[[ Input material, beginning ]]

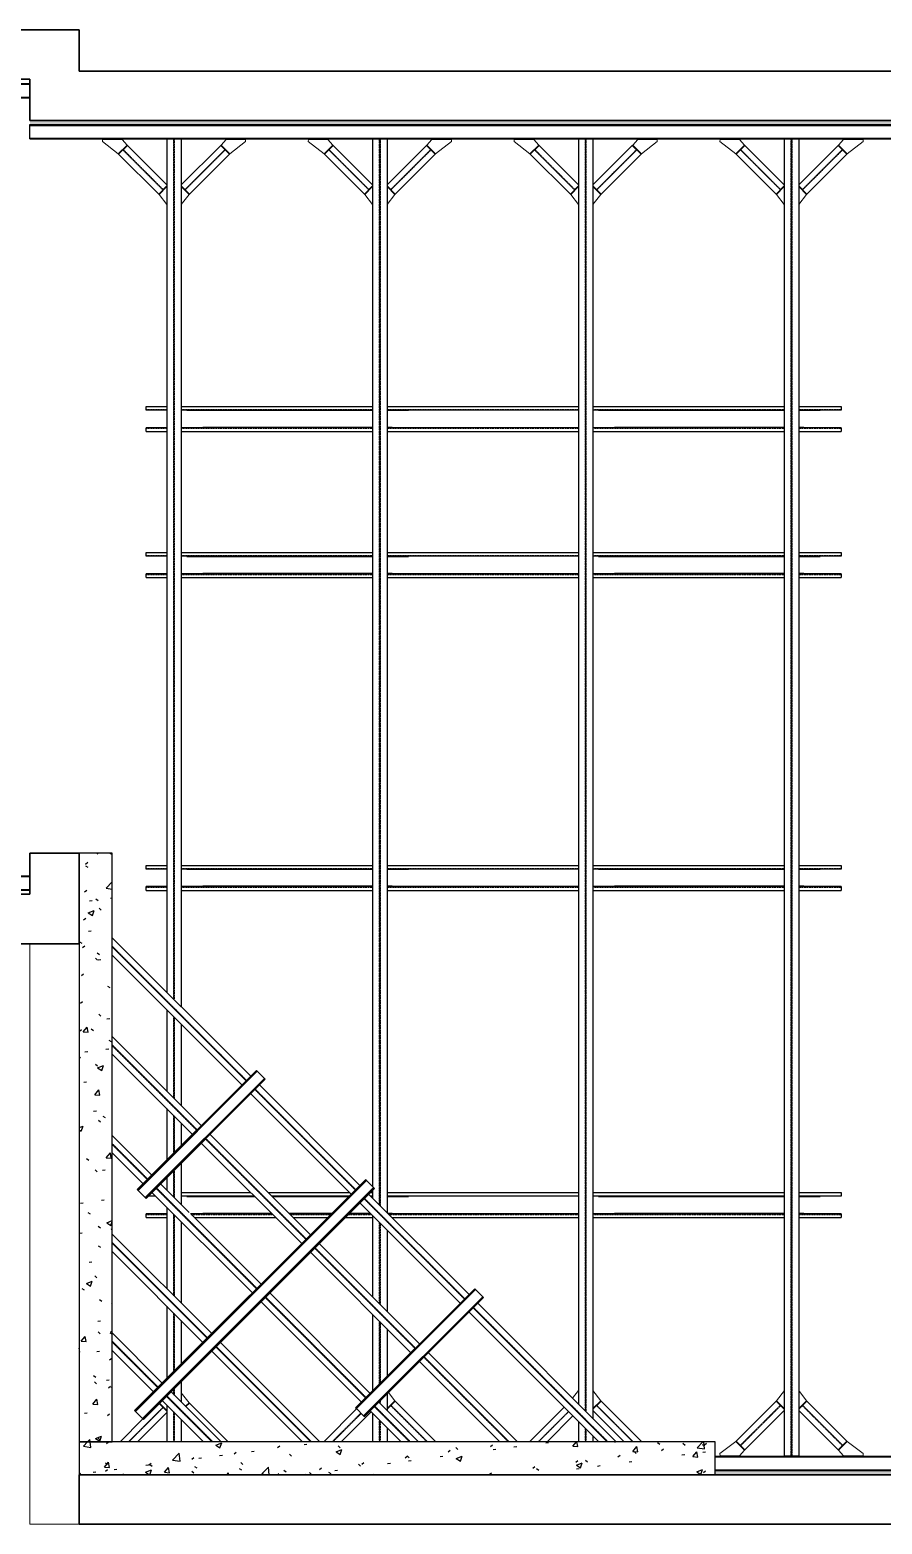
# Model space of a CAD drawing. Header units: millimetres. Extents: x -57600 to 57600, y -25200 to 11100.
# Drawn here: x -39000 to -18298, y -25200 to 11100 of the extents above; entities that cross this region are included whole.
import ezdxf

# ---------------------------------------------------------------- set-up
doc = ezdxf.new("R2010")
doc.units = ezdxf.units.MM
doc.linetypes.add('隱藏', pattern=[7.14375, 4.7625, -2.38125])
doc.layers.add('I-WALL', color=2, linetype='Continuous', lineweight=9)
doc.layers.add('S-BEAM', color=12, linetype='Continuous', lineweight=9)
for name, color, linetype in [('圍令', 7, 'Continuous'), ('托梁', 150, 'Continuous'), ('支撐', 80, 'Continuous'), ('斜撐', 131, 'Continuous')]:
    doc.layers.add(name, color=color, linetype=linetype)
doc.layers.get('0').off()
pattern_1 = [(0, (0, 0), (1625.6, 406.4), [67.056, -1152.144, 67.056, -1152.144, -6502.4]), (0, (0, 0), (1625.6, 406.4), [-2438.4, 67.056, -2371.344, 67.056, -1152.144, -2844.8]), (0, (0, 0), (1625.6, 406.4), [-6096, 67.056, -745.744, 67.056, -1964.944]), (120, (609.6, 203.2), (-1164.7527, 1204.611), [67.056, -1152.144, 67.056, -1152.144, -6502.4]), (120, (609.6, 203.2), (-1164.7527, 1204.611), [-2438.4, 67.056, -2371.344, 67.056, -1152.144, -2844.8]), (120, (609.6, 203.2), (-1164.7527, 1204.611), [-6096, 67.056, -745.744, 67.056, -1964.944]), (240, (812.8, 1016), (-460.8473, -1611.011), [67.056, -1152.144, 67.056, -1152.144, -6502.4]), (240, (812.8, 1016), (-460.8473, -1611.011), [-2438.4, 67.056, -2371.344, 67.056, -1152.144, -2844.8]), (240, (812.8, 1016), (-460.8473, -1611.011), [-6096, 67.056, -745.744, 67.056, -1964.944])]
pattern_2 = [(50, (0, 0), (1457.472, -127.512), [152.4, -1676.4]), (355, (0, 0), (-281.94, 1528.454), [121.92, -1341.12]), (100.451, (121.5, -10.6), (1175.54, 1400.933), [129.52, -1424.72]), (46.184, (0, 406.4), (2168.63, -336.34), [228.6, -2514.6]), (96.636, (180.7, 378.4), (1899.22, 1979.42), [194.28, -2137.08]), (351.184, (0, 406.4), (1899.24, 1979.4), [182.88, -2011.68]), (21, (203.2, 304.8), (1212.915, -818.12), [152.4, -1676.4]), (326, (203.2, 304.8), (494.417, 1473.504), [121.92, -1341.12]), (71.451, (304.3, 236.6), (1707.337, 655.37), [129.52, -1424.72]), (37.5, (0, 0), (24.7094, 676.44), [67.056, -1257.808, 67.056, -1294.384, -1346.2]), (37.5, (0, 0), (24.7094, 676.44), [-2686.304, 67.056, -1279.144]), (7.5, (0, 0), (534.558, 801.444), [67.056, -709.168, 67.056, -1227.328, -513.08]), (7.5, (0, 0), (534.558, 801.444), [-2070.608, 67.056, -446.024]), (327.5, (-453.14, 0), (1084.7275, -45.831), [67.056, -440.944, 67.056, -1517.904, -2103.12]), (327.5, (-453.14, 0), (1084.7275, -45.831), [-2092.96, 67.056, -2036.064]), (317.5, (-656.3, 0), (1185.035, 203.414), [67.056, -593.344, 67.056, -985.52, -1493.52]), (317.5, (-656.3, 0), (1185.035, 203.414), [-1712.976, 67.056, -1426.464])]

# ---------------------------------------------------------------- blocks, each defined once
blk = doc.blocks.new('670-CO-Y05-ARSE_rvt-1-第一層支撐平面圖')
at = {"layer": 'I-WALL', "color": 7, "lineweight": 35}
for p, q in [((-39000, 11100), (-56400, 11100)), ((-37800, 11100), (-39000, 11100)), ((-37800, 10100), (-37800, 11100)), ((-56400, 9900), (-39000, 9900)), ((-39000, 9900), (-39000, 8900)), ((37800, 10100), (-37800, 10100)), ((-39000, 8900), (-37800, 8900)), ((-37800, 8900), (37800, 8900)), ((-39000, -8900), (-39000, -9900)), ((-37800, -8900), (-39000, -8900)), ((-37800, -11100), (-37800, -8900)), ((-39000, -9900), (-56400, -9900)), ((-57600, -11100), (-39000, -11100)), ((-39000, -11100), (-37800, -11100)), ((37800, -24000), (-37800, -24000)), ((-37800, -24000), (-37800, -25200)), ((-37800, -25200), (37800, -25200))]:
    blk.add_line(p, q, dxfattribs=at)
at = {"layer": 'I-WALL', "color": 250, "lineweight": 18}
for q in [(-39000, -11100), (-37800, -25200)]:
    blk.add_line((-39000, -25200), q, dxfattribs=at)
blk = doc.blocks.new('圍令_單雙_ - H350x350x12x19 mm 單-1878367-第一層支撐平面圖')
at = {"layer": '圍令'}
for p, q in [((-8529, 156), (-8529, 175)), ((-8529, 175), (8421, 175)), ((-8529, 156), (8421, 156)), ((-8529, -175), (-8529, -156)), ((-8529, -156), (8421, -156)), ((-8529, -175), (8421, -175))]:
    blk.add_line(p, q, dxfattribs=at)
at = {"layer": '圍令', "linetype": '隱藏'}
for p, q in [((-8529, 156), (8421, 156)), ((-8529, -156), (8421, -156))]:
    blk.add_line(p, q, dxfattribs=at)
blk = doc.blocks.new('圍令_單雙_ - H350x350x12x19 mm 單-1878369-第一層支撐平面圖')
at = {"layer": 'S-BEAM'}
blk.add_line((-8387.5, 156), (-8387.5, 175), dxfattribs=at)
at = {"layer": '圍令'}
for p, q in [((-8387.5, 175), (8562.5, 175)), ((-8387.5, 156), (8562.5, 156)), ((-8387.5, -175), (-8387.5, -156)), ((-8387.5, -156), (8562.5, -156)), ((-8387.5, -175), (8562.5, -175))]:
    blk.add_line(p, q, dxfattribs=at)
at = {"layer": '圍令', "linetype": '隱藏'}
for p, q in [((-8387.5, 156), (8562.5, 156)), ((-8387.5, -156), (8562.5, -156))]:
    blk.add_line(p, q, dxfattribs=at)
blk = doc.blocks.new('圍令_單雙_ - H350x350x12x19 mm 單-1875456-第一層支撐平面圖')
at = {"layer": '圍令'}
for p, q in [((-39000, 156), (-39000, 175)), ((-39000, 175), (39000, 175)), ((-39000, 143), (-39000, 156)), ((-39000, 156), (39000, 156)), ((-39000, -143), (-39000, 143)), ((-39000, -156), (-39000, -143)), ((-39000, -175), (-39000, -156)), ((-39000, -156), (39000, -156)), ((-39000, -175), (39000, -175))]:
    blk.add_line(p, q, dxfattribs=at)
at = {"layer": '圍令', "linetype": '隱藏'}
for p, q in [((-39000, 156), (39000, 156)), ((-39000, -156), (39000, -156))]:
    blk.add_line(p, q, dxfattribs=at)
blk = doc.blocks.new('圍令_單雙_ - H350x350x12x19 mm 單-957121-第一層支撐平面圖')
at = {"layer": '圍令'}
for p, q in [((-22021, 175), (22369, 175)), ((-22021, 156), (22369, 156)), ((-22021, -156), (22369, -156)), ((-22021, -175), (22369, -175))]:
    blk.add_line(p, q, dxfattribs=at)
at = {"layer": '圍令', "linetype": '隱藏'}
for p, q in [((-22021, 156), (22369, 156)), ((-22021, -156), (22369, -156))]:
    blk.add_line(p, q, dxfattribs=at)
blk = doc.blocks.new('水平支撐_單雙_ - H350x350x12x19 mm 單-957519-第一層支撐平面圖')
at = {"layer": '支撐'}
for p, q in [((-16000, -175), (-16000, 175)), ((-16000, 175), (5083, 175)), ((5507, 175), (7483, 175)), ((7907, 175), (8458, 175)), ((8882, 175), (9883, 175)), ((10307, 175), (12283, 175)), ((12707, 175), (13761, 175)), ((14186, 175), (14683, 175)), ((15107, 175), (15650, 175)), ((-16000, -175), (4733, -175)), ((5157, -175), (7133, -175)), ((7557, -175), (8808, -175)), ((9232, -175), (9533, -175)), ((9957, -175), (11933, -175)), ((12357, -175), (14111, -175)), ((14757, -175), (15650, -175))]:
    blk.add_line(p, q, dxfattribs=at)
at = {"layer": '支撐', "linetype": '隱藏'}
for p, q in [((-16000, 6), (4914, 6)), ((4914, 6), (-16000, 6)), ((5338, 6), (7314, 6)), ((7314, 6), (5338, 6)), ((7738, 6), (8627, 6)), ((8627, 6), (7738, 6)), ((9051, 6), (9714, 6)), ((9714, 6), (9051, 6)), ((10138, 6), (12114, 6)), ((12114, 6), (10138, 6)), ((12538, 6), (13930, 6)), ((13930, 6), (12538, 6)), ((14355, 6), (14514, 6)), ((14514, 6), (14355, 6)), ((14938, 6), (15650, 6)), ((15650, 6), (14938, 6)), ((-16000, -6), (4902, -6)), ((4902, -6), (-16000, -6)), ((5326, -6), (7302, -6)), ((7302, -6), (5326, -6)), ((7726, -6), (8639, -6)), ((8639, -6), (7726, -6)), ((9063, -6), (9702, -6)), ((9702, -6), (9063, -6)), ((10126, -6), (12102, -6)), ((12102, -6), (10126, -6)), ((12526, -6), (13942, -6)), ((13942, -6), (12526, -6)), ((14367, -6), (14502, -6)), ((14502, -6), (14367, -6)), ((14926, -6), (15650, -6)), ((15650, -6), (14926, -6))]:
    blk.add_line(p, q, dxfattribs=at)
blk = doc.blocks.new('水平支撐_單雙_ - H350x350x12x19 mm 單-V51-第一層支撐平面圖')
at = {"layer": '支撐'}
for p, q in [((-16000, -175), (-16000, 175)), ((-16000, 175), (10083, 175)), ((10507, 175), (12483, 175)), ((12907, 175), (14065, 175)), ((14489, 175), (14883, 175)), ((15307, 175), (15650, 175)), ((-16000, -175), (9450, -175)), ((9536, -175), (9733, -175)), ((10157, -175), (12133, -175)), ((12557, -175), (14415, -175)), ((14957, -175), (15650, -175))]:
    blk.add_line(p, q, dxfattribs=at)
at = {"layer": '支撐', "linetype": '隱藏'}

[[ Input material, end ]]

**What the task requires**
Would you copy out each line of the records above where the word "Continuous" occurs?

**Expected answer**
doc.layers.add('I-WALL', color=2, linetype='Continuous', lineweight=9)
doc.layers.add('S-BEAM', color=12, linetype='Continuous', lineweight=9)
for name, color, linetype in [('圍令', 7, 'Continuous'), ('托梁', 150, 'Continuous'), ('支撐', 80, 'Continuous'), ('斜撐', 131, 'Continuous')]:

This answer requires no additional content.